これにより、IA32エミュレーション機能は利用できるがデフォルトで無効という状態にできます。そして、32ビットプログラムを実行したい場合には、ブートローダーのカーネル設定行に次のカーネルパラメータを追加してLinuxを起動します(「on」の代わりに「y」を指定しても構いません)。
ia32_emulation=on
実際に動作を試してみる
バージョン6.8-rc1のカーネルを前述の設定パラメータでビルドし、それをUbuntu 22.04 LTS環境で動かして試してみました。
まず、サンプルプログラムをビルドするためのツール類を次のコマンドでインストールします。
$ sudo apt update
$ sudo apt install build-essential libc6-dev-i386
続いて、次のコードを「hello.c」というファイル名で保存します。
#include <stdio.h>
#include <stdlib.h>
int main() {
printf("Hello, World!\n");
exit(0);
}
保存したら、次のコマンドで32ビットプログラムとしてビルドして実行します。
$ gcc -m32 -o hello_ia32 hello.c
$ ./hello_ia32
-bash: ./hello_ia32: バイナリファイルを実行できません: 実行形式エラー
すると、このように実行形式エラーが表示されます。

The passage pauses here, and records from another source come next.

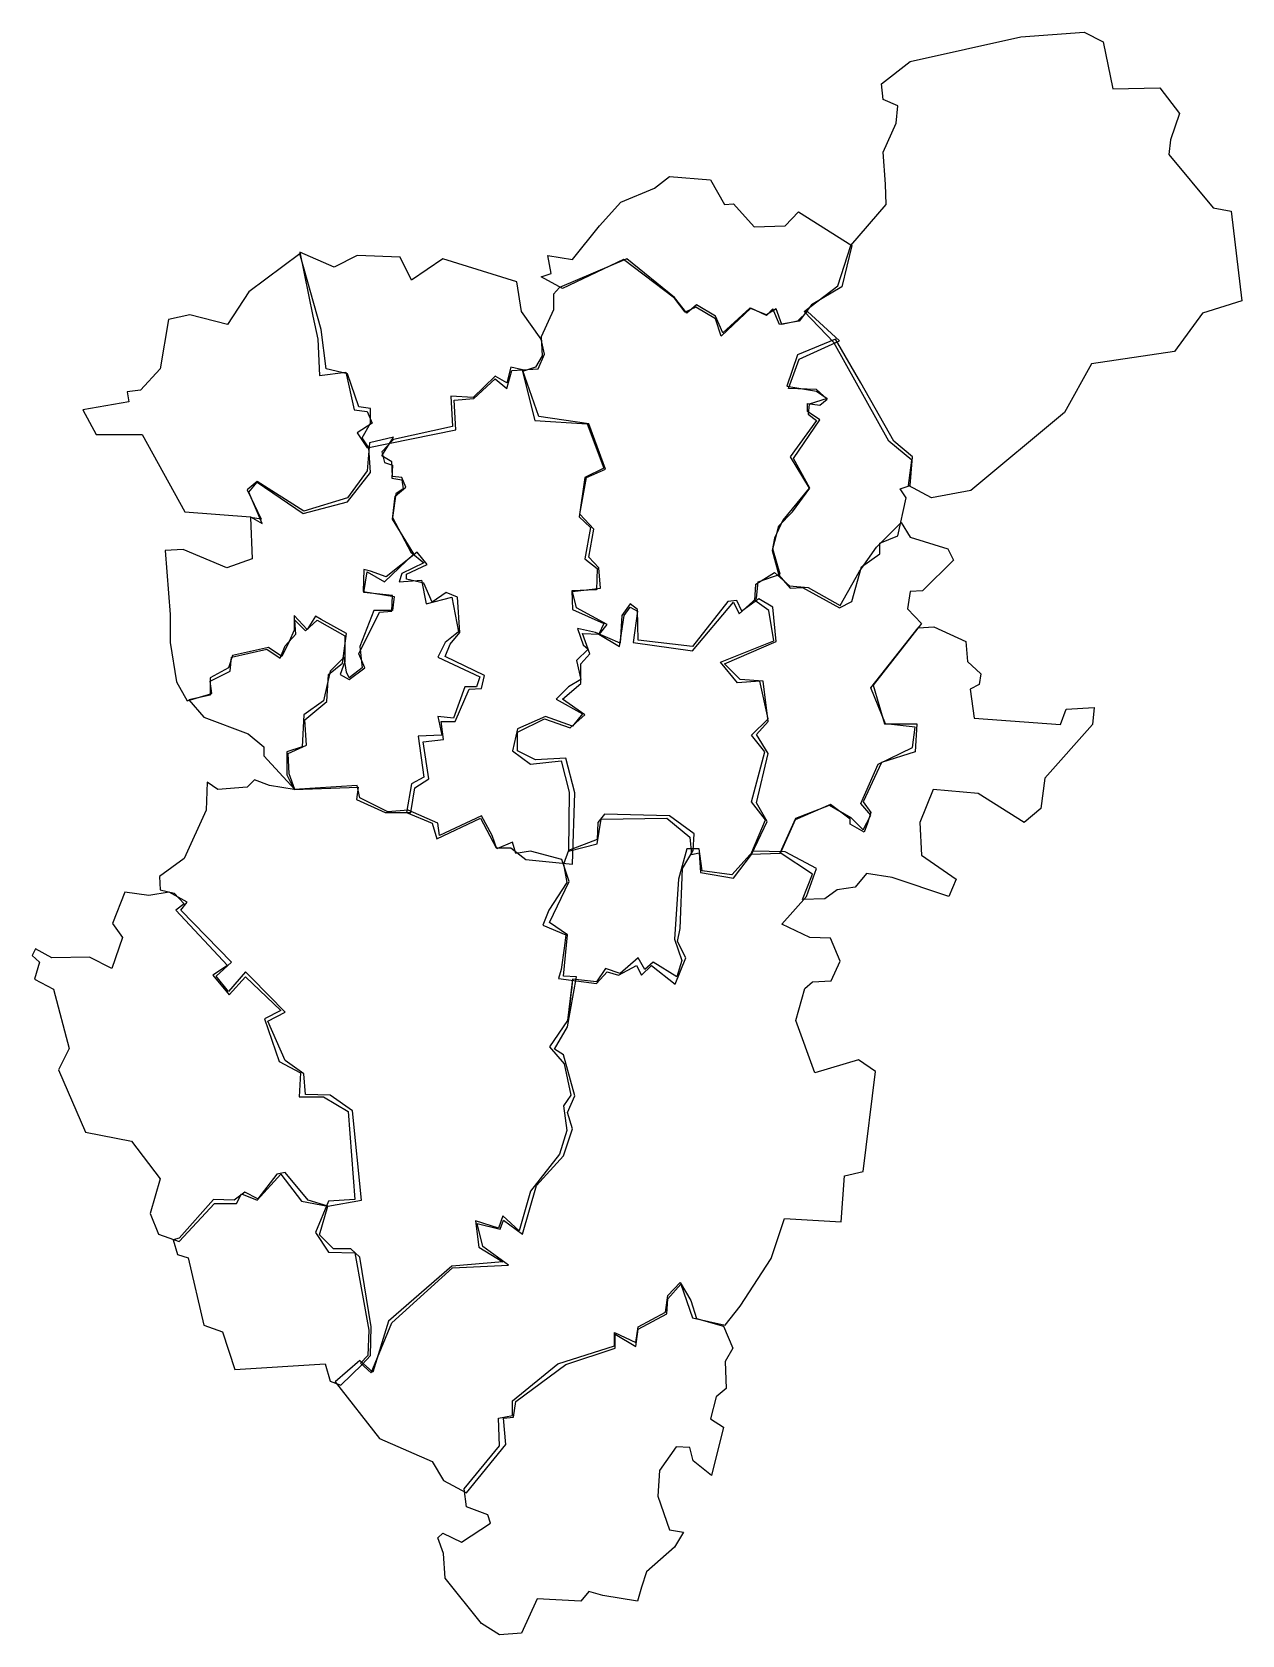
# Model space of a CAD drawing. Extents: x -151 to 270, y 107 to 664.
import ezdxf

# ---------------------------------------------------------------- set-up
doc = ezdxf.new("R2010")
doc.units = 0
doc.layers.add('Layer_1', color=7, linetype='CONTINUOUS')

msp = doc.modelspace()

# ---------------------------------------------------------------- linework, layer by layer
at = {"layer": 'Layer_1', "color": 7}
for points in [[(134, 589.714284), (146.285712, 604.000004), (146, 611.14286), (145.142856, 622.285716), (149.714288, 632.285716), (150.285712, 638.285716), (145.142856, 640.571428), (144.571432, 646.000004), (154.571432, 653.714284), (193.142856, 662.285716), (215.142856, 664.000004), (221.714288, 660.571428), (225.142856, 644.285716), (241.428568, 644.571428), (248.285712, 635.714284), (245.142856, 626.571428), (244.571432, 621.428572), (260, 602.857148), (266.285712, 601.714284), (270, 570.571428), (256.285712, 566.285716), (246.571432, 552.85714), (217.714288, 548.571428), (208.285712, 531.714284), (175.714288, 504.571428), (162, 502.000004), (154, 506.285716), (155.142856, 515.14286), (147.142856, 521.714284), (128, 556.000004), (117.714288, 566.85714), (129.428568, 575.714284), (134, 589.714284)], [(33.714286, 574.85714), (26.285714, 578.85714), (29.714286, 580.000004), (28.571429, 586.285716), (37.142858, 584.857148), (46.571429, 596.571428), (54, 604.857148), (65.714286, 609.714284), (70.857143, 613.714284), (85.142856, 612.571428), (90, 604.000004), (93.142856, 604.285716), (100.285712, 596.285716), (111.142856, 596.571428), (115.714288, 601.428572), (134.285712, 589.714284), (130.857144, 575.428572), (120.285712, 569.14286), (116, 563.428572), (109.142856, 562.285716), (106.857144, 567.714284), (104.571432, 565.428572), (99.142856, 568.000004), (88.857144, 558.285716), (86.857144, 564.285716), (80, 568.285716), (76.285714, 566.571428), (72.571429, 571.428572), (54.857143, 584.857148), (33.714286, 574.85714)], [(-57.714286, 586.85714), (-75.428571, 573.714284), (-82.857144, 562.285716), (-96, 565.714284), (-103.428568, 564.000004), (-106.285712, 546.85714), (-113.142856, 539.428572), (-117.714288, 538.85714), (-117.142856, 535.428572), (-133.142856, 532.571428), (-128.571432, 524.000004), (-112.571432, 524.000004), (-97.714288, 497.14286), (-74.857143, 495.428572), (-70.857143, 493.14286), (-75.428571, 504.000004), (-72.571429, 507.428572), (-56.571429, 496.571428), (-41.142857, 500.571428), (-33.142857, 510.85714), (-33.714286, 519.428572), (-36, 522.85714), (-33.142857, 528.000004), (-33.142857, 533.14286), (-37.142857, 533.714284), (-41.142857, 545.14286), (-48.571429, 546.85714), (-50.285714, 560.571428), (-57.714286, 586.85714)], [(26.285714, 557.14286), (19.428571, 566.85714), (17.714286, 577.14286), (-8, 585.14286), (-18.857143, 577.714284), (-22.857143, 585.714284), (-37.714286, 586.285716), (-45.714286, 582.285716), (-57.714286, 587.428572), (-53.142857, 565.14286), (-51.428571, 557.14286), (-50.857143, 544.571428), (-41.714286, 545.714284), (-38.857143, 532.571428), (-34.285714, 532.000004), (-32.571429, 528.000004), (-37.714286, 524.571428), (-34.285714, 519.428572), (-3.428571, 525.714284), (-4, 536.000004), (2.857143, 536.571428), (10.285714, 543.428572), (14.285714, 540.000004), (16, 546.285716), (25.142857, 546.85714), (27.428571, 552.000004), (26.285714, 557.14286)], [(19.714286, 546.000004), (24, 528.85714), (42.285714, 527.714284), (48, 512.285716), (41.428571, 509.14286), (39.428571, 495.428572), (43.428571, 491.714284), (41.428571, 480.85714), (45.714286, 477.428572), (45.428571, 470.000004), (36.857143, 469.714284), (37.142858, 463.14286), (48, 458.285716), (46.285714, 454.571428), (53.428571, 450.285716), (55.142858, 461.14286), (57.142858, 464.000004), (59.714286, 462.571428), (58.285714, 451.714284), (78.857143, 448.85714), (93.142856, 465.714284), (95.142856, 461.714284), (101.142856, 467.14286), (101.714288, 472.85714), (109.428568, 475.428572), (106.857144, 484.285716), (108.857144, 492.285716), (113.714288, 497.14286), (119.714288, 505.428572), (114, 515.714284), (123.142856, 529.14286), (118.857144, 532.000004), (118.857144, 534.85714), (123.142856, 534.285716), (125.714288, 536.285716), (122, 539.714284), (112.285712, 540.000004), (116, 550.285716), (130, 556.571428), (118.857144, 566.85714), (115.428568, 563.428572), (110, 562.285716), (108, 567.714284), (104.571432, 565.714284), (98.857144, 568.000004), (89.428568, 559.428572), (86.857144, 565.14286), (80.285712, 569.14286), (76.857143, 566.285716), (72.571429, 571.714284), (56, 585.14286), (32.571429, 575.14286), (30.571429, 572.85714), (30.571429, 567.428572), (26.285714, 558.000004), (26.571429, 551.428572), (24.285714, 547.428572), (19.714286, 546.000004)], [(128.571432, 557.14286), (115.428568, 551.714284), (111.714288, 540.85714), (122, 539.14286), (125.714288, 536.571428), (119.428568, 534.571428), (119.142856, 531.14286), (122, 528.85714), (112.857144, 516.285716), (119.428568, 505.428572), (110.285712, 494.285716), (107.428568, 488.000004), (106.571432, 483.714284), (108.857144, 475.14286), (112.857144, 470.571428), (117.142856, 470.85714), (130, 463.714284), (134.285712, 466.000004), (137.714288, 478.000004), (144, 482.571428), (144, 486.285716), (150.285712, 488.85714), (153.142856, 502.000004), (151.142856, 505.14286), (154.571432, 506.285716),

また、このときに「sudo dmesg」コマンドを実行すると、次のカーネルメッセージが表示されます。なお、このカーネルメッセージは、カーネル内のpr_notice_once()関数で出力されるので、最初に32ビットプログラムが実行されたときだけ表示されます。
32-bit emulation disabled. You can reenable with ia32_emulation=on
カーネルメッセージにあるように、「ia32_emulation=on」というカーネルパラメータを指定してみましょう。Ubuntuでは、/etc/default/grubファイルのGRUB_CMDLINE_LINUX行にカーネルパラメータを記述してから、次のコマンドを実行するとブートローダーの設定が変更されます。
$ sudo update-grub
Ubuntuを再起動してから、hello_ia32プログラムを実行してください。今度は問題なく動作します。
$ ./hello_ia32
Hello, World!
(おまけ)x32 ABIの動作を試したい場合
x32 ABIの動作を試したい場合には、「libc6-dev-x32」パッケージを追加でインストールしてから、次のコマンドでサンプルプログラムをビルドして実行します。
$ gcc -mx32 -o hello_x32 hello.c
$ ./hello_x32
バージョン6.8のLinuxカーネルの場合、CONFIG_X86_X32_ABIという設定パラメータに「y」を設定してビルドしていれば、x32 ABI機能が有効となり、プログラムを正常に実行できます。